[Stored entries]
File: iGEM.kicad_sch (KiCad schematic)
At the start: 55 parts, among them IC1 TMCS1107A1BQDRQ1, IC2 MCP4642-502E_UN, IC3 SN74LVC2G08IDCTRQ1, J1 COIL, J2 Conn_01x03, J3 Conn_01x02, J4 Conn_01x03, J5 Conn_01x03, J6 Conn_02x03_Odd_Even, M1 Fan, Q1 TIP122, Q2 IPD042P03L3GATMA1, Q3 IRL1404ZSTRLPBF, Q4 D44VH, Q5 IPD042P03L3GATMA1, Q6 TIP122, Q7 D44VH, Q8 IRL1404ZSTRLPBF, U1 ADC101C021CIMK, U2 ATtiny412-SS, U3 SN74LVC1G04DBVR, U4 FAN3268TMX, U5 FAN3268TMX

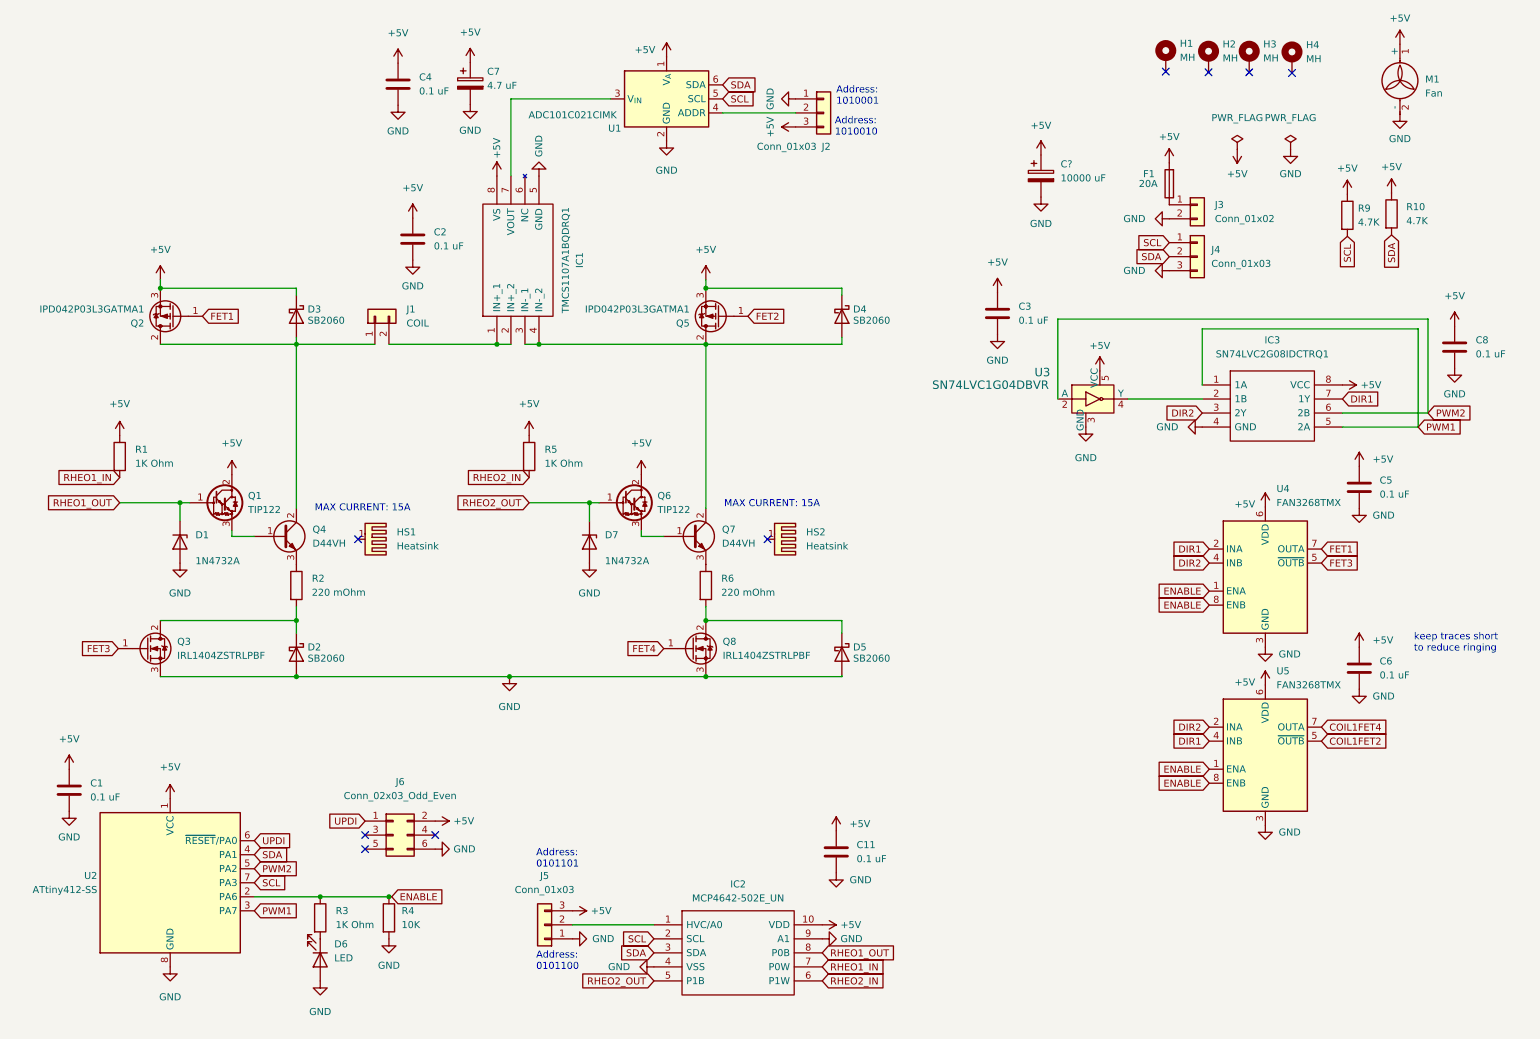
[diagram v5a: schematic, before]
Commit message: Changes to improve thermals and layout
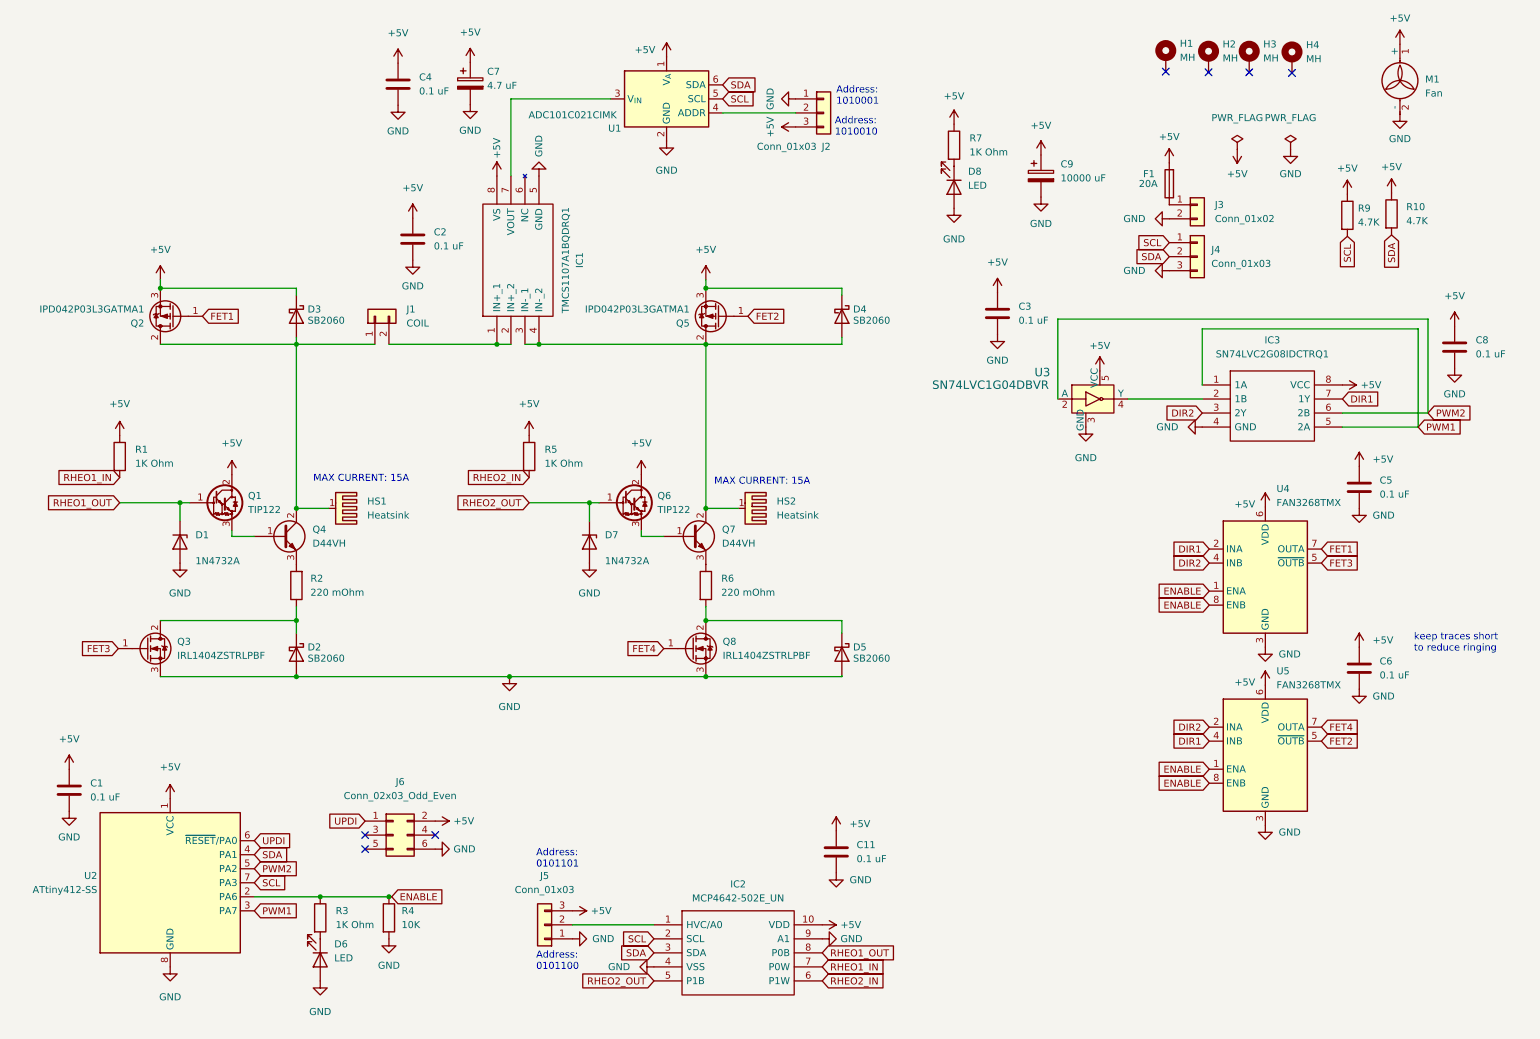
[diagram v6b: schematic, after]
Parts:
- added D8: LED, LED_SMD:LED_0805_2012Metric_Pad1.15x1.40mm_HandSolder, symbol Device:LED
- added R7: 1K Ohm, Resistor_SMD:R_0805_2012Metric_Pad1.20x1.40mm_HandSolder, symbol Device:R
- gave numbers to parts that had none: 1
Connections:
- net COIL1FET2 is gone; now on net FET2: U5.5 (~{OUTB})
- net COIL1FET4 is gone; now on net FET4: U5.7 (OUTA)
- net +5V: now also R7.1
- net GND: now also D8.2 (A)
- net at D4.2 (A), IC1.3 (IN-_1), IC1.4 (IN-_2)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: now also HS2.1
- net at D3.2 (A), J1.1 (Pin_1), Q2.2 (D)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: now also HS1.1
- net at Q4.3 (E): now also R2.2; no longer R2.1
- net at D2.1 (K), Q3.2 (D): now also R2.1; no longer R2.2
- new net: D8.1 (K), R7.2
- no-connect marks 9 -> 7
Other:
- moved on the sheet: HS1, HS2, R2

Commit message: update layout and heatsink
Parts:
- HS1, HS2: footprint Heatsink:Heatsink_AAVID_576802B03900G -> Heatsink:Heatsink_Fischer_SK104-STC-STIC_35x13mm_2xDrill2.5mm; DigiKey 6021BG-ND -> HS403-ND
- Q1, Q6: footprint Package_TO_SOT_THT:TO-220-3_Vertical -> Package_TO_SOT_THT:TO-220-3_Horizontal_TabDown
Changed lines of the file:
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@@
       (effects (font (size 1.27 1.27)) (justify left))
     )
-    (property "Footprint" "Package_TO_SOT_THT:TO-220-3_Vertical" (id 2) (at 54.356 104.521 0)
+    (property "Footprint" "Package_TO_SOT_THT:TO-220-3_Horizontal_TabDown" (id 2) (at 54.356 104.521 0)
       (effects (font (size 1.27 1.27) italic) (justify left) hide)
     )
@@
       (effects (font (size 1.27 1.27)) (justify left))
     )
-    (property "Footprint" "Heatsink:Heatsink_AAVID_576802B03900G" (id 2) (at 70.612 103.9368 0)
+    (property "Footprint" "Heatsink:Heatsink_Fischer_SK104-STC-STIC_35x13mm_2xDrill2.5mm" (id 2) (at 70.612 103.9368 0)
       (effects (font (size 1.27 1.27)) hide)
     )
@@
       (effects (font (size 1.27 1.27)) hide)
     )
-    (property "DigiKey" "6021BG-ND" (id 4) (at 71.882 103.632 90)
+    (property "DigiKey" "HS403-ND" (id 4) (at 71.882 103.632 90)
       (effects (font (size 1.27 1.27)) hide)
     )
@@
       (effects (font (size 1.27 1.27)) (justify left))
     )
-    (property "Footprint" "Package_TO_SOT_THT:TO-220-3_Vertical" (id 2) (at 128.524 104.521 0)
+    (property "Footprint" "Package_TO_SOT_THT:TO-220-3_Horizontal_TabDown" (id 2) (at 128.524 104.521 0)
       (effects (font (size 1.27 1.27) italic) (justify left) hide)
     )
@@
       (effects (font (size 1.27 1.27)) (justify left))
     )
-    (property "Footprint" "Heatsink:Heatsink_AAVID_576802B03900G" (id 2) (at 144.78 103.9368 0)
+    (property "Footprint" "Heatsink:Heatsink_Fischer_SK104-STC-STIC_35x13mm_2xDrill2.5mm" (id 2) (at 144.78 103.9368 0)
       (effects (font (size 1.27 1.27)) hide)
     )
@@
       (effects (font (size 1.27 1.27)) hide)
     )
-    (property "DigiKey" "6021BG-ND" (id 4) (at 146.05 103.632 90)
+    (property "DigiKey" "HS403-ND" (id 4) (at 146.05 103.632 90)
       (effects (font (size 1.27 1.27)) hide)
     )
@@
     )
     (path "/51879485-f54c-4d64-8de1-5fd9b52a4051"
-      (reference "HS1") (unit 1) (value "Heatsink") (footprint "Heatsink:Heatsink_AAVID_576802B03900G")
+      (reference "HS1") (unit 1) (value "Heatsink") (footprint "Heatsink:Heatsink_Fischer_SK104-STC-STIC_35x13mm_2xDrill2.5mm")
     )
     (path "/fd1f3134-e94c-4ccc-9125-06d251fe0321"
-      (reference "HS2") (unit 1) (value "Heatsink") (footprint "Heatsink:Heatsink_AAVID_576802B03900G")
+      (reference "HS2") (unit 1) (value "Heatsink") (footprint "Heatsink:Heatsink_Fischer_SK104-STC-STIC_35x13mm_2xDrill2.5mm")
     )
     (path "/e46d9648-bbc2-4e10-a2da-8923352095b0"
@@
     )
     (path "/4b59aaf5-2612-4b64-b615-ddf78dad43ca"
-      (reference "Q1") (unit 1) (value "TIP122") (footprint "Package_TO_SOT_THT:TO-220-3_Vertical")
+      (reference "Q1") (unit 1) (value "TIP122") (footprint "Package_TO_SOT_THT:TO-220-3_Horizontal_TabDown")
     )
     (path "/f8bb0d9a-e5ac-4c1f-87fb-a3fb9a596c98"
@@
     )
     (path "/94b8931b-1a18-46c9-a522-d5b95f3e23d9"
-      (reference "Q6") (unit 1) (value "TIP122") (footprint "Package_TO_SOT_THT:TO-220-3_Vertical")
+      (reference "Q6") (unit 1) (value "TIP122") (footprint "Package_TO_SOT_THT:TO-220-3_Horizontal_TabDown")
     )
     (path "/ba4cc950-79f1-4cdf-8f3e-2b38f0e15fde"

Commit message: Adding BOM 'iGEM.csv'
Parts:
- IC2: DigiKey (none) -> MCP4642-502E/UN-ND
- IC3: DigiKey (none) -> 296-36980-1-ND
- J2, J5, J6: now left out of the parts list
- Q2, Q5: DigiKey (none) -> IPD042P03L3GATMA1CT-ND
- U2: DigiKey (none) -> ATTINY412-SSN-ND
- U3: DigiKey (none) -> 296-11599-1-ND
- U4, U5: DigiKey (none) -> FAN3268TMXCT-ND
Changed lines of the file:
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@@
   )
   (symbol (lib_id "Connector_Generic:Conn_02x03_Odd_Even") (at 81.026 162.814 0) (unit 1)
-    (in_bom yes) (on_board yes) (fields_autoplaced)
+    (in_bom no) (on_board yes) (fields_autoplaced)
     (property "Reference" "J6" (id 0) (at 82.296 153.162 0))
     (property "Value" "Conn_02x03_Odd_Even" (id 1) (at 82.296 155.702 0))
@@
   )
   (symbol (lib_id "Connector_Generic:Conn_01x03") (at 159.004 32.004 0) (unit 1)
-    (in_bom yes) (on_board yes)
+    (in_bom no) (on_board yes)
     (property "Reference" "J2" (id 0) (at 160.2741 38.1 0)
       (effects (font (size 1.27 1.27)) (justify right))
@@
     (property "Status" "Active" (id 12) (at 214.122 53.34 0)
       (effects (font (size 1.524 1.524)) (justify left) hide)
+    )
+    (property "DigiKey" "296-11599-1-ND" (id 13) (at 209.042 83.82 0)
+      (effects (font (size 1.27 1.27)) hide)
     )
     (pin "1")
@@
     )
     (property "Datasheet" "https://www.onsemi.com/pdf/datasheet/fan3268-d.pdf" (id 3) (at 239.014 145.796 0)
+      (effects (font (size 1.27 1.27)) hide)
+    )
+    (property "DigiKey" "FAN3268TMXCT-ND" (id 4) (at 239.014 148.336 0)
       (effects (font (size 1.27 1.27)) hide)
     )
@@
       (effects (font (size 1.27 1.27)) hide)
     )
+    (property "DigiKey" "FAN3268TMXCT-ND" (id 4) (at 239.014 116.078 0)
+      (effects (font (size 1.27 1.27)) hide)
+    )
     (pin "1")
     (pin "2")
@@
       (effects (font (size 1.27 1.27)) hide)
     )
+    (property "DigiKey" "IPD042P03L3GATMA1CT-ND" (id 4) (at 140.208 68.834 0)
+      (effects (font (size 1.27 1.27)) hide)
+    )
     (pin "1")
     (pin "2")
@@
   )
   (symbol (lib_id "Connector_Generic:Conn_01x03") (at 108.458 179.07 180) (unit 1)
-    (in_bom yes) (on_board yes) (fields_autoplaced)
+    (in_bom no) (on_board yes) (fields_autoplaced)
     (property "Reference" "J5" (id 0) (at 108.458 170.18 0))
     (property "Value" "Conn_01x03" (id 1) (at 108.458 172.72 0))
@@
     (property "Arrow Price/Stock" "https://www.arrow.com/en/products/sn74lvc2g08idctrq1/texas-instruments?region=nac" (id 11) (at 249.174 101.6 0)
       (effects (font (size 1.27 1.27)) (justify left) hide)
+    )
+    (property "DigiKey" "296-36980-1-ND" (id 12) (at 227.584 81.28 0)
+      (effects (font (size 1.27 1.27)) hide)
     )
     (pin "1")
@@
       (effects (font (size 1.27 1.27)) hide)
     )
+    (property "DigiKey" "ATTINY412-SSN-ND" (id 4) (at 40.64 171.45 0)
+      (effects (font (size 1.27 1.27)) hide)
+    )
     (pin "1")
     (pin "2")
@@
     (property "Arrow Price/Stock" "" (id 11) (at 154.94 199.39 0)
       (effects (font (size 1.27 1.27)) (justify left) hide)
+    )
+    (property "DigiKey" "MCP4642-502E/UN-ND" (id 12) (at 128.27 179.07 0)
+      (effects (font (size 1.27 1.27)) hide)
     )
     (pin "1")
@@
       (effects (font (size 1.27 1.27)) hide)
     )
+    (property "DigiKey" "IPD042P03L3GATMA1CT-ND" (id 4) (at 41.402 68.834 0)
+      (effects (font (size 1.27 1.27)) hide)
+    )

ASSIGNMENT =>
Find each line of the data above that holds the word "Stock", then copy it.

RESULT FOR THIS TASK =>
     (property "Arrow Price/Stock" "https://www.arrow.com/en/products/sn74lvc2g08idctrq1/texas-instruments?region=nac" (id 11) (at 249.174 101.6 0)
     (property "Arrow Price/Stock" "" (id 11) (at 154.94 199.39 0)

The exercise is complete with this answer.